Кажется, именно Пригов открыл дорогу появившимся позже, уже в недавние годы, произведениям о Японии, которые можно было бы охарактеризовать как непочтительные, — например, «Жапоналия» Д. Бандуры, А. Фесюна и А. Федоренко (2004)[825] (этакие занимательные «этнографические мемуары»), «Японские ночи» И. Курая (2005) (роман, в котором выведенный под прозрачным псевдонимом русский писатель-авангардист совокупляется в Японии с обезьяной[826]), «Записки гайдзина» В. Смоленского, «Годзюон» Н. Гладковой (бесхитростное женское повествование о японском быте) и многое другое.
С другой, не литературной, а бытовой стороны, но практически одновременно с Приговым к деконструкции японского мифа пришли Вадим Смоленский и Дмитрий Коваленин, работавшие в Японии в 1990-е годы и погруженные в самую «гущу» общества — так, Коваленин был портовым переводчиком. Вместе они создали сайт sushi.ru, где с 1998 года стали появляться «инсайдерские» байки об этой стране. Собственно, сочинение Курая или «Жапоналия» могут рассматриваться как результат совмещенного влияния этих «инсайдеров» и Пригова — или, во всяком случае, во многом обязанного Пригову концептуалистского стиля деконструкции мифов о той или иной культуре. Правда, здесь уместнее было бы не называние этих книг (к которым я отношусь достаточно сложно), а рассказ о том, как продолжилась приговская работа по переосмыслению японского, дальневосточного и, совсем шире, заграничного мифа в современной литературе со знаком плюс, — но, если не считать романа Леонида Костюкова «Великая страна», который повествует все же о вымышленной Америке, а не о Японии или Китае, примеров такого продолжения мне на ум не приходит, что является темой уже для другого разговора…
Избавление от ненужного априорного пиетета перед японской культурой у Пригова сродни своеобразной расчистке места или, точнее, «выключению» хора восторженных голосов. Недаром одной из главных тем в книге становится тишина — то есть потенциальная возможность новых голосов. Так, путешественнику рассказчик рекомендует расспрашивать у местных о стране «неслышно» (с. 53), пишет о пустоте и тишине, царивших в дзенском храме, несмотря на длившееся там застолье с настоятелем (с. 52, 56), призывает уходить во «внутреннюю Японию» — «еще глубже, в самую глубину, как в молчание» (с. 281). Добравшись же в своем повествовании до конца пребывания в Японии, восклицает а la Гамлет: «дальше — тишина» (с. 300).
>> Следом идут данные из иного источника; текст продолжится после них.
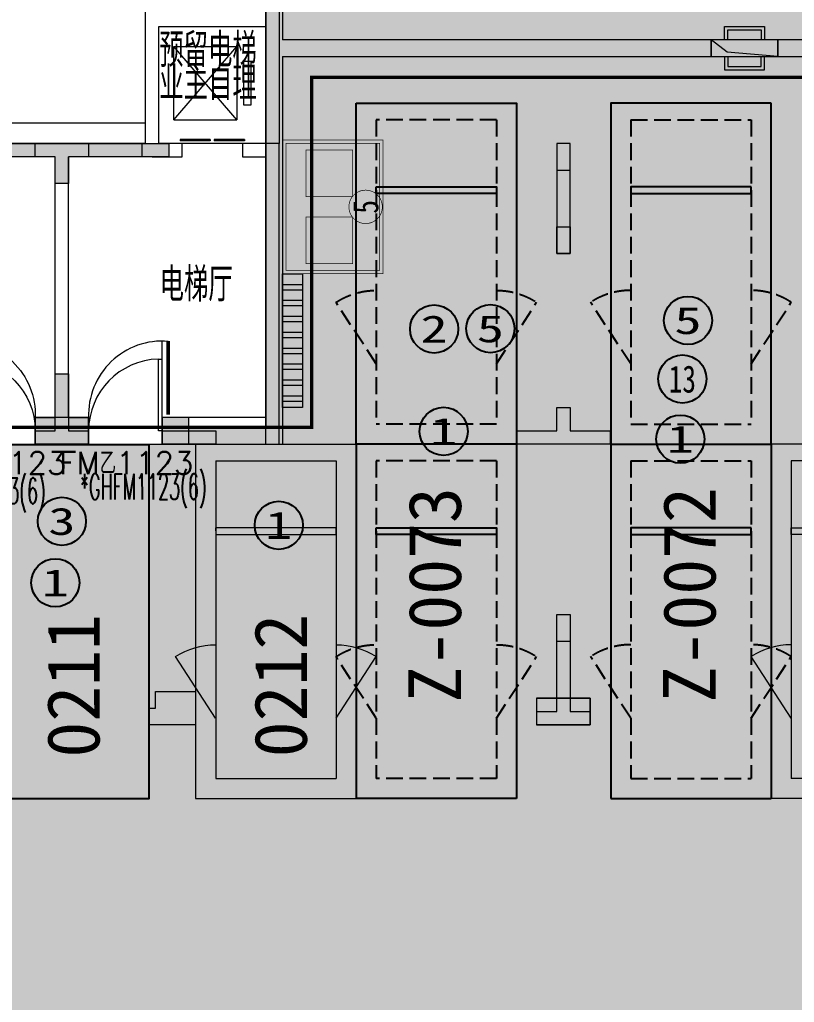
# Model space of a CAD drawing. Extents: x -264757 to 86229, y 4049843 to 4347093.
# Drawn here: x -74415 to -62830, y 4148758 to 4163458 of the extents above; entities that cross this region are included whole.
import ezdxf
from ezdxf.enums import TextEntityAlignment as Align

# ---------------------------------------------------------------- set-up
doc = ezdxf.new("R2010")
doc.units = 0
doc.header["$LTSCALE"] = 1000
doc.header["$MEASUREMENT"] = 0
doc.linetypes.add('AX-01DK-PB01$1$A-001-车位参照B1$0$A-001-车位参照B1$0$A-001-车位参照B1$0$A-H4-001-基本图形$0$A-001-车位B1$0$DASH', pattern=[0.35, 0.25, -0.1])
doc.linetypes.add('DASH', pattern=[0.35, 0.25, -0.1])
doc.layers.get('0').update_dxf_attribs({"color": 8})
doc.layers.add('AX-01DK-PB01$0$AX-001DK-01-PB01-02$0$A-3-WinF(Text)', color=8, linetype='Continuous', plot=False)
doc.layers.add('AX-01DK-PB01$0$AX-03CK-02-PB01$0$AX-03CK-02-PB01$0$WINDOW_TEXT', color=8, linetype='Continuous', plot=False)
for name, color, linetype in [('AX-01DK-PB01$0$AX-03CK-02-PB01$0$AX-03CK-02-PB01$0$PUB_HATCH', 8, 'Continuous'), ('PUB_HATCH', 8, 'Continuous'), ('不利因素13-紧邻铁爬梯', 7, 'Continuous'), ('不利因素2-紧邻集水坑、排水沟', 7, 'Continuous'), ('不利因素3-紧邻房间出入口', 7, 'Continuous'), ('不利因素5-单面靠墙', 7, 'Continuous'), ('不利因素9-坡道上停车', 7, 'Continuous'), ('不可售车位', 255, 'Continuous'), ('子母车位', 7, 'Continuous'), ('普通车位', 7, 'Continuous')]:
    doc.layers.add(name, color=color, linetype=linetype)
doc.layers.add('无关图层', color=8, linetype='Continuous', lineweight=0)
doc.layers.add('无关图层 @ 1', color=8, linetype='Continuous', lineweight=0)
doc.layers.add('车位归属楼栋范围线', color=7, linetype='Continuous', true_color=0x19e6c7)
doc.styles.add('AX-01DK-PB01$0$AX-001DK-01-PB01-02$0$_TCH_WINDOW', font='SIMPLEX', dxfattribs={"bigfont": 'GBCBIG'})
doc.styles.add('AX-01DK-PB01$0$AX-03CK-02-PB01$0$AX-03CK-02-PB01$0$_TCH_DIM_T3', font='SIMPLEX', dxfattribs={"width": 0.705882, "bigfont": 'GBCBIG'})
doc.styles.add('AX-01DK-PB01$0$Standard', font='gbenor.shx', dxfattribs={"bigfont": 'gbcbig.shx'})
doc.styles.add('AX-ACK-BIANH1$0$黑体', font='simhei.ttf')
doc.styles.add('AX-ACK-P01-WALL$0$黑体', font='simhei.ttf')
doc.styles.add('SX-ACK-PB01-WNC-ALL$0$黑体', font='simhei.ttf')
doc.styles.add('坑编号', font='', dxfattribs={"width": 0.8})
doc.styles.add('黑体', font='simhei.ttf')
doc.styles.get('坑编号').set_extended_font_data('SimSun')
pattern_1 = [(180, (483276.1, 3555295.44), (-1e-13, -238.125), []), (180, (483196.72, 3555374.8), (-1e-13, -238.125), [])]

# ---------------------------------------------------------------- blocks, each defined once
blk = doc.blocks.new('A$C7e5eb487')
at = {"layer": '普通车位', "true_color": 0xf18f8e}
h = blk.add_hatch(color=11, dxfattribs=at)
h.dxf.hatch_style = 1
h.paths.add_polyline_path([(2400, 0), (2400, -5300), (0, -5300), (0, 0)])
blk = doc.blocks.new('普通车位')
at = {"layer": '无关图层'}
for p, q in [((-2.253, 3.186), (0.077, 3.764)), ((1.352, -1.38), (0.077, 3.764)), ((-1.889, 2.967), (-0.142, 3.4)), ((1.001, -1.21), (-0.142, 3.4)), ((-0.977, -1.958), (-2.253, 3.186)), ((-0.746, -1.643), (-1.889, 2.967)), ((-0.746, -1.643), (1.001, -1.21)), ((-0.977, -1.958), (1.352, -1.38))]:
    blk.add_line(p, q, dxfattribs=at)
for points in [[(0.074, 2.527), (0.879, 1.777)], [(-1.673, 2.094), (-2.033, 1.054)]]:
    blk.add_lwpolyline(points, dxfattribs=at)
blk.add_lwpolyline([(0.76, -0.239), (-0.987, -0.673), (-1.011, -0.575), (0.736, -0.142)], close=True, dxfattribs=at)
for centre, start, end in [((0.074, 2.527), 283.9287, 316.9845), ((-1.673, 2.094), 250.873, 283.9287)]:
    blk.add_arc(centre, 1.1, start, end, dxfattribs=at)
at = {"layer": '普通车位', "xscale": -0.0009999999999999812, "yscale": 0.0009999999999999812, "zscale": 0.0009999999999999812, "rotation": 13.92873520577783}
blk.add_blockref('A$C7e5eb487', (0.077, 3.764), dxfattribs=at)
blk = doc.blocks.new('A$C741380cb')
at = {"layer": '子母车位', "true_color": 0x0617f9}
h = blk.add_hatch(color=5, dxfattribs=at)
h.dxf.hatch_style = 1
h.paths.add_polyline_path([(2400, 0), (2400, -10400), (0, -10400), (0, 0)])
blk = doc.blocks.new('子母车位1')
at = {"layer": '子母车位', "color": 8, "linetype": 'AX-01DK-PB01$1$A-001-车位参照B1$0$A-001-车位参照B1$0$A-001-车位参照B1$0$A-H4-001-基本图形$0$A-001-车位B1$0$DASH'}
for p, q in [((330318, -478521), (332118, -478521)), ((330318, -478521), (330318, -483071, 0)), ((332118, -478521), (332118, -483071, 0)), ((330318, -483071, 0), (332118, -483071, 0)), ((330318, -483621, 0), (332118, -483621, 0)), ((330318, -483621, 0), (330318, -488371)), ((332118, -483621, 0), (332118, -488371)), ((330318, -488371), (332118, -488371))]:
    blk.add_line(p, q, dxfattribs=at)
at = {"layer": '子母车位', "color": 83}
for p, q in [((330018, -483371, 0), (330018, -488671)), ((330018, -483371, 0), (332418, -483371, 0)), ((332418, -483371, 0), (332418, -488671)), ((330018, -488671), (332418, -488671))]:
    blk.add_line(p, q, dxfattribs=at)
blk.add_lwpolyline([(332418, -478271), (330018, -478271), (330018, -483371), (332418, -483371)], close=True, dxfattribs=at)
at = {"layer": '子母车位'}
blk.add_lwpolyline([(332118, -479521), (330318, -479521), (330318, -479621), (332118, -479621)], close=True, dxfattribs=at)
at = {"layer": '子母车位', "linetype": 'AX-01DK-PB01$1$A-001-车位参照B1$0$A-001-车位参照B1$0$A-001-车位参照B1$0$A-H4-001-基本图形$0$A-001-车位B1$0$DASH'}
for points in [[(330318, -482171), (329718, -481249)], [(332118, -482171), (332718, -481249)]]:
    blk.add_lwpolyline(points, dxfattribs=at)
at = {"layer": '子母车位', "elevation": 0}
blk.add_lwpolyline([(332118, -484621), (330318, -484621), (330318, -484721), (332118, -484721)], close=True, dxfattribs=at)
at = {"layer": '子母车位', "linetype": 'AX-01DK-PB01$1$A-001-车位参照B1$0$A-001-车位参照B1$0$A-001-车位参照B1$0$A-H4-001-基本图形$0$A-001-车位B1$0$DASH', "elevation": 0}
for points in [[(330318, -487471), (329718, -486549)], [(332118, -487471), (332718, -486549)]]:
    blk.add_lwpolyline(points, dxfattribs=at)
at = {"layer": '子母车位', "linetype": 'AX-01DK-PB01$1$A-001-车位参照B1$0$A-001-车位参照B1$0$A-001-车位参照B1$0$A-H4-001-基本图形$0$A-001-车位B1$0$DASH'}
for centre, start, end in [((330318, -482171, 0), 89.9997, 123.0554), ((332118, -482171, 0), 56.9439, 89.9997), ((330318, -487471), 89.9997, 123.0554), ((332118, -487471), 56.9439, 89.9997)]:
    blk.add_arc(centre, 1100, start, end, dxfattribs=at)
at = {"layer": '子母车位', "rotation": 179.9996583709065}
blk.add_blockref('A$C741380cb', (332418, -488671), dxfattribs=at)
blk = doc.blocks.new('SX-ACK-PB01-WNC-ALL$0$20200722.21182536')
at = {"layer": '不利因素3-紧邻房间出入口', "true_color": 0xe4d218}
h = blk.add_hatch(color=52, dxfattribs=at)
h.dxf.hatch_style = 1
edge = h.paths.add_edge_path()
edge.add_arc((360, 360), 360, 0, 360)
at = {"layer": '不利因素3-紧邻房间出入口'}
blk.add_circle((360, 360), 360, dxfattribs=at)
at = {"layer": '不利因素3-紧邻房间出入口', "style": 'SX-ACK-PB01-WNC-ALL$0$黑体', "width": 1.390625}
blk.add_text('3', height=407, dxfattribs=at).set_placement((156, 156), (564, 156), align=Align.FIT)
blk = doc.blocks.new('20200722.21182239')
at = {"layer": '不利因素2-紧邻集水坑、排水沟', "true_color": 0xc46e92}
h = blk.add_hatch(color=233, dxfattribs=at)
h.dxf.hatch_style = 1
edge = h.paths.add_edge_path()
edge.add_arc((360, 360), 360, 0, 360)
at = {"layer": '不利因素2-紧邻集水坑、排水沟'}
blk.add_circle((360, 360), 360, dxfattribs=at)
at = {"layer": '不利因素2-紧邻集水坑、排水沟', "style": '黑体', "width": 1.390625}
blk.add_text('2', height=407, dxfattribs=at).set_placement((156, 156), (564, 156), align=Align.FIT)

Выражение «внутренняя Япония» в романе Пригова, безусловно, является отсылкой к расхожему в последнее время выражению «внутренняя Монголия» из романа В. Пелевина «Чапаев и Пустота». У Пелевина под ним подразумевается некое сокрытое, мистическое пространство духовного мира, а отнюдь не провинция Китая под названием Внутренняя Монголия (Халха). Но если Пелевин не без иронии (в самом выражении проявляется его любовь к каламбурам и омонимам) фиксировал уже давно имевшуюся традицию локализации в некой восточной стране «места силы», идущую от романа «Утерянный горизонт» Дж. Хилтона с его волшебной страной Шангри-Ла (в Европе) и от существующего в определенных кругах культа Рериха и Блаватской, а также фигуры барона Унгерна (в нашей стране), то Пригов скорее деконструирует этот тип высказывания, лишая его — за счет того же иронически «непочтительного» подхода к Японии, — флера «мистичности» и даже, возможно, неявно апеллируя к «простоте» дзенских практик.
Избавляясь от мифа об экзотической и повсеместно прекрасной Японии, Пригов, по сути, не только освобождал место для новой, объективной прозы об этой стране, но и творил такую прозу в своей нарочито субъективной игре — обосновывая право этой прозы на существование в данном дискурсе, — подобно тому, как когда-то освобождал в завалах, созданных советским искусством, место для своих стихов, живописи и перформансов. Которые уже сами стали мифом.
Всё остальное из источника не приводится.